**WHAT THIS TASK INVOLVES**
Bring together every line in the data that includes "both".

START TASK INPUT

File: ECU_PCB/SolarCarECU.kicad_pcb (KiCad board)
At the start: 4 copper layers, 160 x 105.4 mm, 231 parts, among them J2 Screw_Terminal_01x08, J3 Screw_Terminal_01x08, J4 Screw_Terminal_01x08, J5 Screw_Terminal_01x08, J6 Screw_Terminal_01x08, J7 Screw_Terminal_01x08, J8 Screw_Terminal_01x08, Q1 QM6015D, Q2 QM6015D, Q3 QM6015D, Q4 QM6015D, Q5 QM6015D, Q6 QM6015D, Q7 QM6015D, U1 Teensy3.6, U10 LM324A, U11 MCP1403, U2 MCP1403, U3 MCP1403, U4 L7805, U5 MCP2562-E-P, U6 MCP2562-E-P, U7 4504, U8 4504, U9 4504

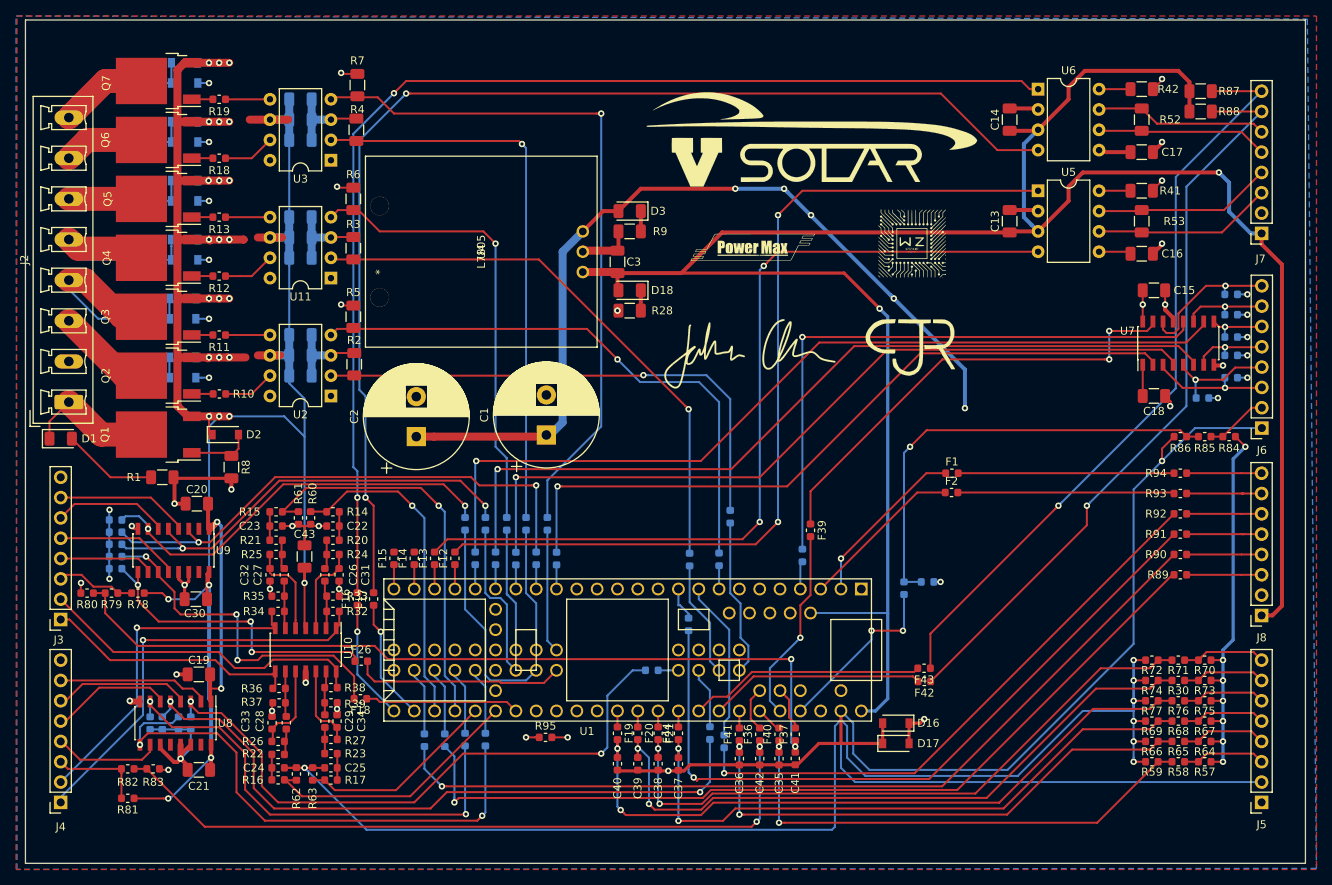
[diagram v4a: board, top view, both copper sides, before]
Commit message: route some traces under 12v plane to reduce resistance per prof. powell
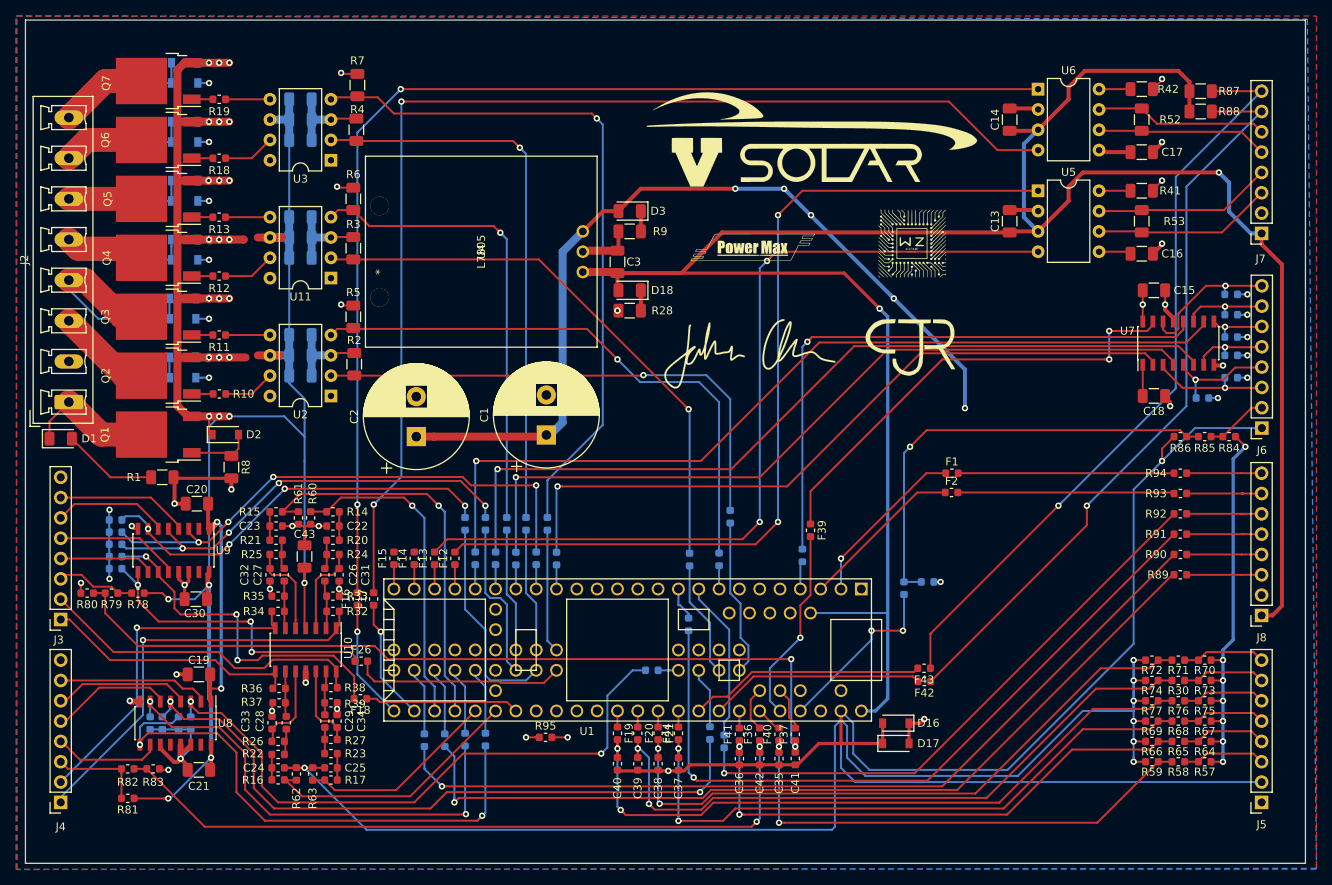
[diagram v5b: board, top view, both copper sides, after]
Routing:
- net +12V: track 440.0 -> 435.2 mm
- net /CAN1_RX: track 147.5 -> 144.9 mm
- net /CAN1_TX: track 146.3 -> 144.9 mm
- net /LV_HEADLIGHTS: track 57.5 -> 58.6 mm
- net /LV_KILL_SENSE: track 75.6 -> 74.8 mm
- net /PWM_MOTOR_L_THROTTLE: track 41.3 -> 40.7 mm
- net /PWM_MOTOR_L_REGEN: track 50.2 -> 49.6 mm
- net /SDA_0: track 96.1 -> 95.5 mm
- net /LV_LEFT_BLINKERS: track 88.0 -> 87.5 mm
- net /LV_MOTOR_R_FWD_EN: track 51.8 -> 51.6 mm, vias 2 -> 4
- net /LV_MOTOR_R_REV_EN: track 55.2 -> 55.3 mm, vias 2 -> 4
- net /LV_HAZARD_LED: track 66.6 -> 66.7 mm, vias 2 -> 4

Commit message: thickened up some traces
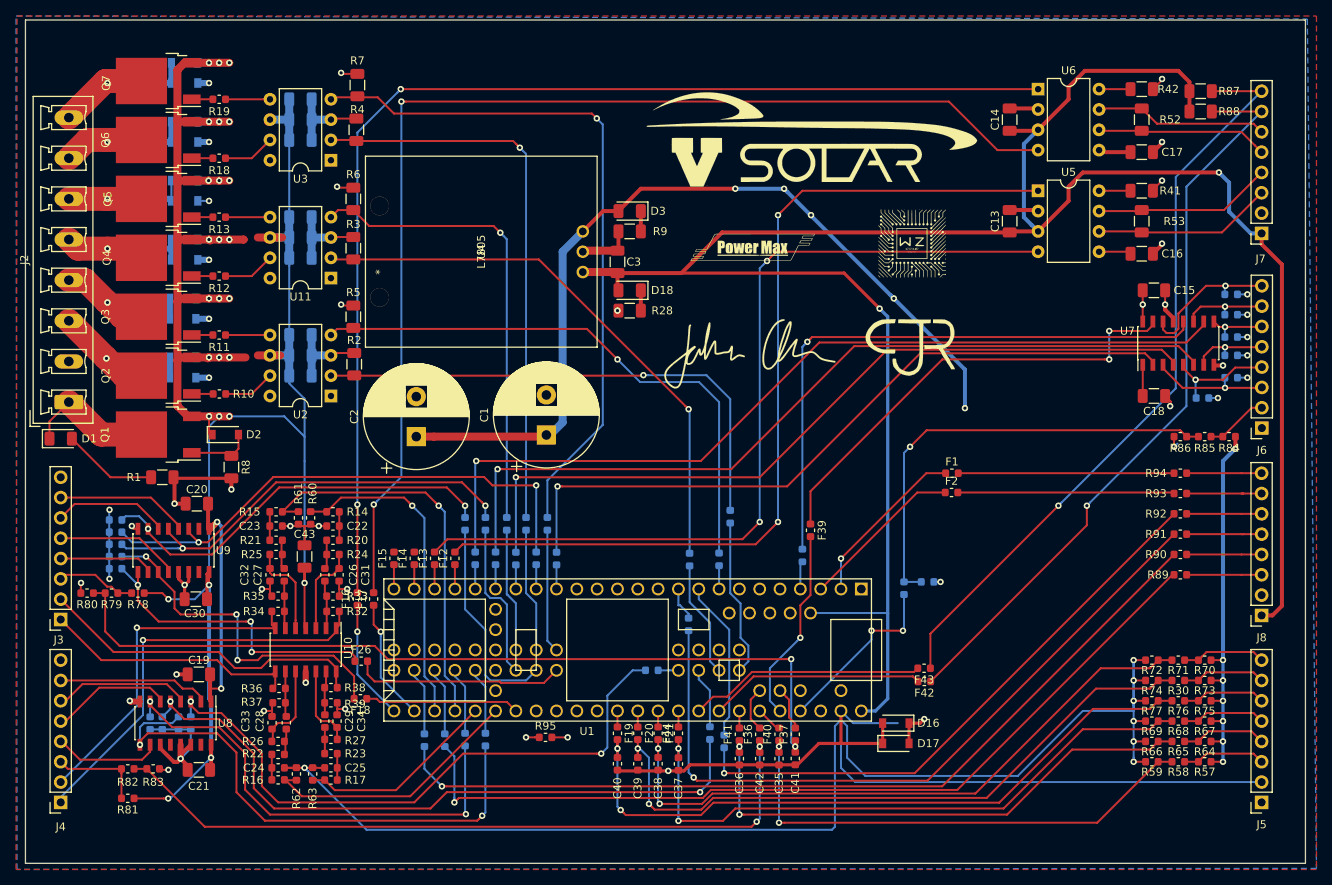
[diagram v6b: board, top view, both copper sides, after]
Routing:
- net GNDA: track 378.7 -> 302.0 mm
- net +12V: track 435.2 -> 458.3 mm
- net /HORN: track 30.7 -> 32.2 mm, vias 0 -> 1
- net /STROBE: track 28.8 -> 30.3 mm, vias 0 -> 1
- net /LV_MOTOR_R_METER: track 105.4 -> 106.7 mm
- net /LEFT_BLINKERS: track 28.8 -> 28.1 mm, vias 0 -> 1
- net /RIGHT_BLINKERS: track 26.9 -> 26.2 mm, vias 0 -> 1
- net /LV_MOTOR_R_REV_EN: track 55.3 -> 55.0 mm, vias 4 -> 2
- net /LV_MOTOR_R_FWD_EN: track 51.6 -> 51.5 mm, vias 4 -> 2
- net /BRAKELIGHTS: track 27.1 -> 27.0 mm, vias 0 -> 1
- net /LV_HAZARD_LED: vias 4 -> 2
- net /HEADLIGHTS: vias 0 -> 1

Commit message: fix 12v islands and added vias that max removed
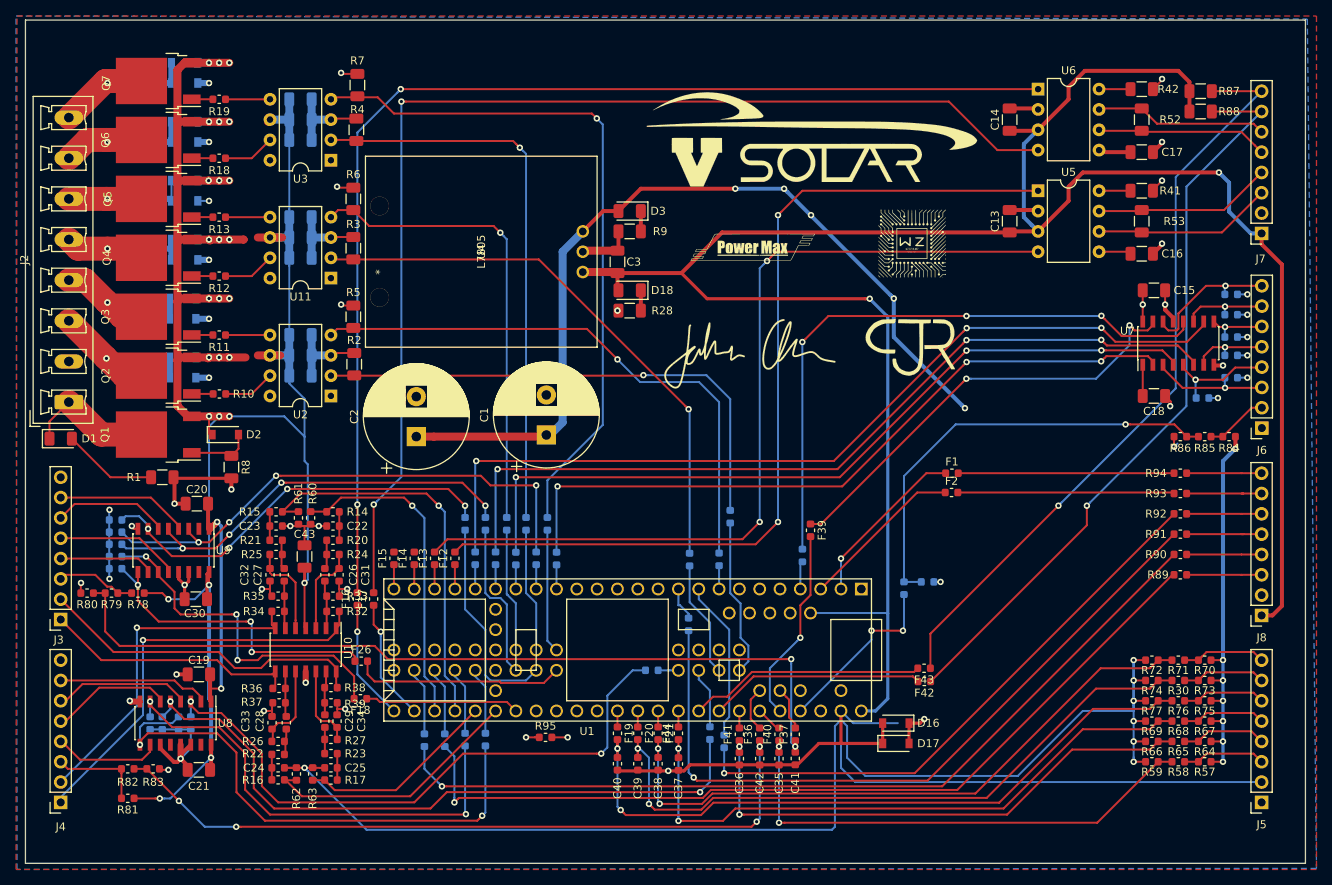
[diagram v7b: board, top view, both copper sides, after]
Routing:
- net /LV_HORN_CTRL: track 58.0 -> 55.5 mm
- net /LV_KILL_SENSE: track 74.8 -> 77.3 mm, vias 1 -> 3
- net /LV_SEL_CTRL: track 109.8 -> 111.3 mm, vias 1 -> 3
- net /LV_HEADLIGHT_CTRL: track 56.6 -> 55.5 mm
- net /LV_UP_CTRL: track 105.1 -> 105.7 mm, vias 1 -> 3
- net /HORN_CTRL: track 18.2 -> 17.6 mm
- net /LV_HAZARD_CTRL: track 90.5 -> 90.2 mm, vias 1 -> 3
- net /LV_HAZARD_LED: track 66.7 -> 66.8 mm, vias 2 -> 4
- net /LV_MOTOR_R_FWD_EN: track 51.5 -> 51.6 mm, vias 2 -> 4
- net /LV_DOWN_CTRL: track 99.2 -> 99.1 mm, vias 1 -> 3
- net /LV_MOTOR_R_REV_EN: vias 2 -> 4
- net /LV_MOTOR_L_METER: vias 2 -> 4

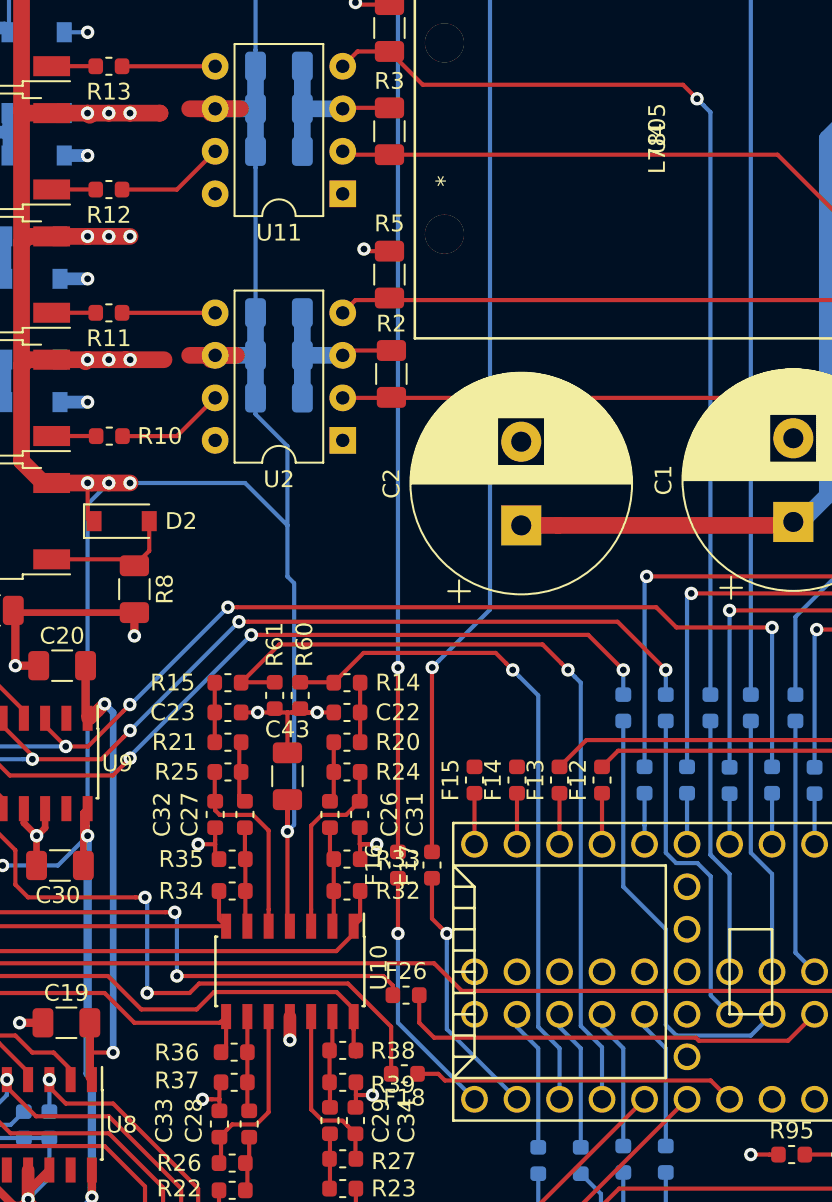
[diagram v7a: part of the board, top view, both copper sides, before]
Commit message: fix weird remnants of 12v traces
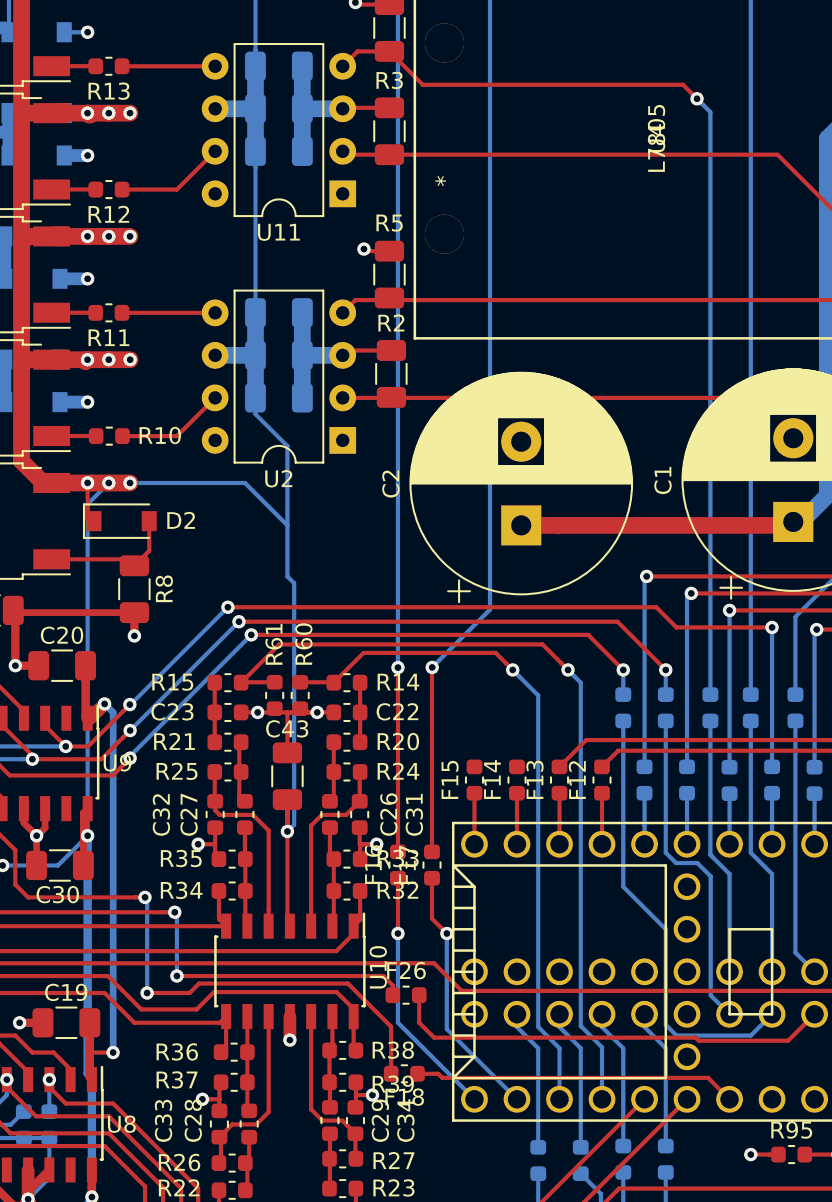
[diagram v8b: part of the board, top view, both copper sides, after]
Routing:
- net +12V: track 458.6 -> 448.3 mm
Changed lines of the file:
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@@
     (thickness 1.6)
     (drawings 6)
-    (tracks 1551)
+    (tracks 1544)
     (zones 0)
     (modules 231)
@@
   (segment (start 98.8 52.584) (end 99.06 52.324) (width 1) (layer F.Cu) (net 1))
   (segment (start 89.29 52.584) (end 91.434 52.584) (width 1) (layer F.Cu) (net 1))
-  (segment (start 98.8 67.316) (end 99.06 67.056) (width 1) (layer F.Cu) (net 1))
   (segment (start 89.29 67.316) (end 91.434 67.316) (width 1) (layer F.Cu) (net 1))
-  (segment (start 98.8 82.048) (end 99.06 81.788) (width 1) (layer F.Cu) (net 1))
   (segment (start 89.29 82.048) (end 91.434 82.048) (width 1) (layer F.Cu) (net 1))
   (segment (start 89.29 89.414) (end 91.688 89.414) (width 1) (layer F.Cu) (net 1))
@@
   (via (at 91.434 82.048) (size 0.8) (drill 0.4) (layers F.Cu B.Cu) (net 1))
   (via (at 93.98 82.048) (size 0.8) (drill 0.4) (layers F.Cu B.Cu) (net 1))
-  (segment (start 92.704 82.048) (end 93.72 82.048) (width 1) (layer F.Cu) (net 1))
   (via (at 92.704 82.048) (size 0.8) (drill 0.4) (layers F.Cu B.Cu) (net 1))
   (segment (start 91.434 67.316) (end 92.704 67.316) (width 1) (layer F.Cu) (net 1))
@@
   (segment (start 91.564 67.446) (end 91.434 67.316) (width 1) (layer F.Cu) (net 1))
   (segment (start 117.348 91.948) (end 119.548 91.948) (width 1) (layer F.Cu) (net 1))
-  (segment (start 95.758 67.31) (end 95.764 67.316) (width 1) (layer F.Cu) (net 1))
-  (segment (start 93.974 67.316) (end 95.764 67.316) (width 1) (layer F.Cu) (net 1))
-  (segment (start 97.536 67.056) (end 100.572 67.056) (width 1) (layer F.Cu) (net 1))
-  (segment (start 93.72 82.048) (end 96.006 82.048) (width 1) (layer F.Cu) (net 1))
-  (segment (start 97.536 81.788) (end 100.33 81.788) (width 1) (layer F.Cu) (net 1))
   (segment (start 101.47 49.784) (end 101.47 54.864) (width 1) (layer B.Cu) (net 1))
   (segment (start 99.06 52.324) (end 101.47 52.324) (width 1) (layer B.Cu) (net 1))
@@
   (segment (start 82.0675 137.033) (end 82.211911 137.177411) (width 0.25) (layer F.Cu) (net 1))
   (segment (start 85.846552 137.177411) (end 85.280867 137.177411) (width 0.25) (layer B.Cu) (net 1))
+  (segment (start 92.704 82.048) (end 93.98 82.048) (width 1) (layer F.Cu) (net 1))
   (via (at 210.566 67.818) (size 0.8) (drill 0.4) (layers F.Cu B.Cu) (net 2))
   (via (at 142.494 76.2) (size 0.8) (drill 0.4) (layers F.Cu B.Cu) (net 2))
@@
   (segment (start 117.094 126.238) (end 112.903004 122.047004) (width 0.25) (layer B.Cu) (net 174))
   (segment (start 112.014 115.442996) (end 112.503005 115.932001) (width 0.25) (layer F.Cu) (net 174))
-  (segment (start 128.668999 125.112999) (end 112.786983 125.112999) (width 0.25) (layer F.Cu) (net 175))
-  (segment (start 129.794 126.238) (end 128.668999 125.112999) (width 0.25) (layer F.Cu) (net 175))
   (segment (start 112.387984 124.714) (end 111.1505 124.714) (width 0.25) (layer F.Cu) (net 175))
-  (segment (start 112.786983 125.112999) (end 112.387984 124.714) (width 0.25) (layer F.Cu) (net 175))
+  (segment (start 112.631824 124.95784) (end 112.387984 124.714) (width 0.25) (layer F.Cu) (net 175))
+  (segment (start 129.794 126.238) (end 128.51384 124.95784) (width 0.25) (layer F.Cu) (net 175))
+  (segment (start 128.51384 124.95784) (end 112.631824 124.95784) (width 0.25) (layer F.Cu) (net 175))
   (segment (start 142.494 128.3715) (end 142.494 126.238) (width 0.25) (layer F.Cu) (net 176))
   (segment (start 145.034 126.238) (end 145.034 128.3715) (width 0.25) (layer F.Cu) (net 177))

END TASK INPUT

**RESPONSE TO THE EXERCISE**
[diagram v4a: board, top view, both copper sides, before]
[diagram v5b: board, top view, both copper sides, after]
[diagram v6b: board, top view, both copper sides, after]
[diagram v7b: board, top view, both copper sides, after]
[diagram v7a: part of the board, top view, both copper sides, before]
[diagram v8b: part of the board, top view, both copper sides, after]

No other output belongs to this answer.